▶ **What to work on**
Pictures must be left out. Print the lines from the beginning of the material through the line holding "#22936 = CARTESIAN_POINT", exactly and nothing else.

☆ ☆ ☆ ☆

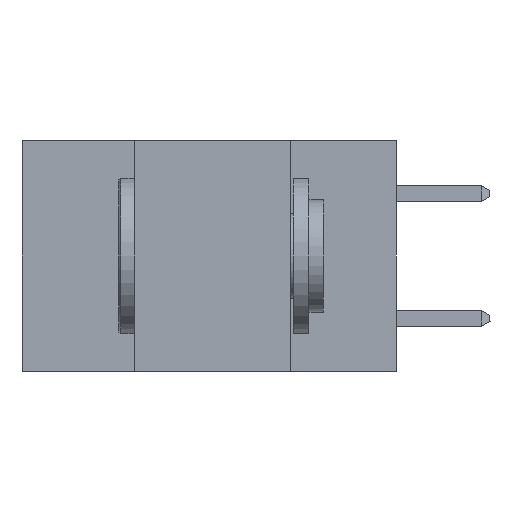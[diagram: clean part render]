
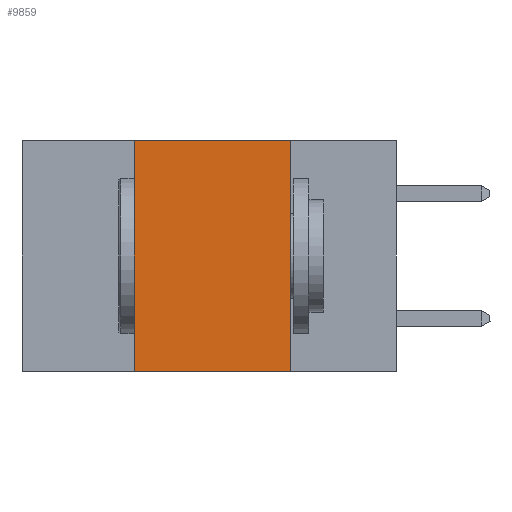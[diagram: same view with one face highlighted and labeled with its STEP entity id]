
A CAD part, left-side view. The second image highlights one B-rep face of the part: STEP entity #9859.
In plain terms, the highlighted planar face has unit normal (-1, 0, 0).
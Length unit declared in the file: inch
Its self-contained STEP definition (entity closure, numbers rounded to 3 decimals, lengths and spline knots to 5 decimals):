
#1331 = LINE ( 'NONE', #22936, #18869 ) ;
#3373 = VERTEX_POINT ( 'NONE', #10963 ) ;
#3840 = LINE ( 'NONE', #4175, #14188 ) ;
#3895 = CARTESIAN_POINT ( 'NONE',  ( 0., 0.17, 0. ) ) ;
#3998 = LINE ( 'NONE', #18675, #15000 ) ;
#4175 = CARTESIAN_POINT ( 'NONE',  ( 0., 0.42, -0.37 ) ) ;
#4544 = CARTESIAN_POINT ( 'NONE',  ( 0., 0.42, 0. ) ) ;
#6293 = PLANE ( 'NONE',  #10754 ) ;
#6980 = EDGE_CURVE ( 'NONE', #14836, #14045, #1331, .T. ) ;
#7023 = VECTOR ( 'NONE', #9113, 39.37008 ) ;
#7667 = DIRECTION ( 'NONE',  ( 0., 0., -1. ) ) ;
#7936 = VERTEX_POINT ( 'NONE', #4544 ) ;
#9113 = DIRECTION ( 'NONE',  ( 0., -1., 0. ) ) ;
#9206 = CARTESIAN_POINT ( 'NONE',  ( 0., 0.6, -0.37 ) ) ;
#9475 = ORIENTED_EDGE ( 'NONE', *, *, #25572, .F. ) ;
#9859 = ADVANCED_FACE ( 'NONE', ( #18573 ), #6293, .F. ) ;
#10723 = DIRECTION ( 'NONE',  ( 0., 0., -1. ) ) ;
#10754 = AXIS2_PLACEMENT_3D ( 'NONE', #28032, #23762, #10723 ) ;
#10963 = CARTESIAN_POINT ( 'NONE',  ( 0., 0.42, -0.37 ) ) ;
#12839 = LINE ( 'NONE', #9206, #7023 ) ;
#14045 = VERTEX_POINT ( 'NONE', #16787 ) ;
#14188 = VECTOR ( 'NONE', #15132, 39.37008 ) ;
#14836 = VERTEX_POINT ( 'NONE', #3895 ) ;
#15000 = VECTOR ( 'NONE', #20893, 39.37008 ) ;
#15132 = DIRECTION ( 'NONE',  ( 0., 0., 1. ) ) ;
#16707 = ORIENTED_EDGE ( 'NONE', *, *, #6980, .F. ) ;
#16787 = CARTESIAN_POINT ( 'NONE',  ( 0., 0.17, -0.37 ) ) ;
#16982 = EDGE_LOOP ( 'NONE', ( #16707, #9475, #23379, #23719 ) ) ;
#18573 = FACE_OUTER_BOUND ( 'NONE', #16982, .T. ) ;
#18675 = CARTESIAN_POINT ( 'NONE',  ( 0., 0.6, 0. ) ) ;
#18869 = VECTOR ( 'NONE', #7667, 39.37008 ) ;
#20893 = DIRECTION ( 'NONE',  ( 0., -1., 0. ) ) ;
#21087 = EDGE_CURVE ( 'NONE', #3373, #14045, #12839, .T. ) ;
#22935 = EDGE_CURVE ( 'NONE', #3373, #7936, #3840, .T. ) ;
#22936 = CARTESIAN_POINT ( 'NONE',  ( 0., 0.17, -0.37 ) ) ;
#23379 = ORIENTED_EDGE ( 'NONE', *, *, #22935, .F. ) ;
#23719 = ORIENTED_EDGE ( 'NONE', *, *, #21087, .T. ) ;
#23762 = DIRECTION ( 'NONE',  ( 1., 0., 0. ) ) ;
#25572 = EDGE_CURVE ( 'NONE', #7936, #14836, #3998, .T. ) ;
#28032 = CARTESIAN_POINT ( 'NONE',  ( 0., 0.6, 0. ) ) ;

☆ ☆ ☆ ☆

▶ **Your solution**
[diagram: clean part render]
[diagram: same view with one face highlighted and labeled with its STEP entity id]
A CAD part, left-side view. The second image highlights one B-rep face of the part: STEP entity #9859.
In plain terms, the highlighted planar face has unit normal (-1, 0, 0).
Length unit declared in the file: inch
Its self-contained STEP definition (entity closure, numbers rounded to 3 decimals, lengths and spline knots to 5 decimals):
#1331 = LINE ( 'NONE', #22936, #18869 ) ;
#3373 = VERTEX_POINT ( 'NONE', #10963 ) ;
#3840 = LINE ( 'NONE', #4175, #14188 ) ;
#3895 = CARTESIAN_POINT ( 'NONE',  ( 0., 0.17, 0. ) ) ;
#3998 = LINE ( 'NONE', #18675, #15000 ) ;
#4175 = CARTESIAN_POINT ( 'NONE',  ( 0., 0.42, -0.37 ) ) ;
#4544 = CARTESIAN_POINT ( 'NONE',  ( 0., 0.42, 0. ) ) ;
#6293 = PLANE ( 'NONE',  #10754 ) ;
#6980 = EDGE_CURVE ( 'NONE', #14836, #14045, #1331, .T. ) ;
#7023 = VECTOR ( 'NONE', #9113, 39.37008 ) ;
#7667 = DIRECTION ( 'NONE',  ( 0., 0., -1. ) ) ;
#7936 = VERTEX_POINT ( 'NONE', #4544 ) ;
#9113 = DIRECTION ( 'NONE',  ( 0., -1., 0. ) ) ;
#9206 = CARTESIAN_POINT ( 'NONE',  ( 0., 0.6, -0.37 ) ) ;
#9475 = ORIENTED_EDGE ( 'NONE', *, *, #25572, .F. ) ;
#9859 = ADVANCED_FACE ( 'NONE', ( #18573 ), #6293, .F. ) ;
#10723 = DIRECTION ( 'NONE',  ( 0., 0., -1. ) ) ;
#10754 = AXIS2_PLACEMENT_3D ( 'NONE', #28032, #23762, #10723 ) ;
#10963 = CARTESIAN_POINT ( 'NONE',  ( 0., 0.42, -0.37 ) ) ;
#12839 = LINE ( 'NONE', #9206, #7023 ) ;
#14045 = VERTEX_POINT ( 'NONE', #16787 ) ;
#14188 = VECTOR ( 'NONE', #15132, 39.37008 ) ;
#14836 = VERTEX_POINT ( 'NONE', #3895 ) ;
#15000 = VECTOR ( 'NONE', #20893, 39.37008 ) ;
#15132 = DIRECTION ( 'NONE',  ( 0., 0., 1. ) ) ;
#16707 = ORIENTED_EDGE ( 'NONE', *, *, #6980, .F. ) ;
#16787 = CARTESIAN_POINT ( 'NONE',  ( 0., 0.17, -0.37 ) ) ;
#16982 = EDGE_LOOP ( 'NONE', ( #16707, #9475, #23379, #23719 ) ) ;
#18573 = FACE_OUTER_BOUND ( 'NONE', #16982, .T. ) ;
#18675 = CARTESIAN_POINT ( 'NONE',  ( 0., 0.6, 0. ) ) ;
#18869 = VECTOR ( 'NONE', #7667, 39.37008 ) ;
#20893 = DIRECTION ( 'NONE',  ( 0., -1., 0. ) ) ;
#21087 = EDGE_CURVE ( 'NONE', #3373, #14045, #12839, .T. ) ;
#22935 = EDGE_CURVE ( 'NONE', #3373, #7936, #3840, .T. ) ;
#22936 = CARTESIAN_POINT ( 'NONE',  ( 0., 0.17, -0.37 ) ) ;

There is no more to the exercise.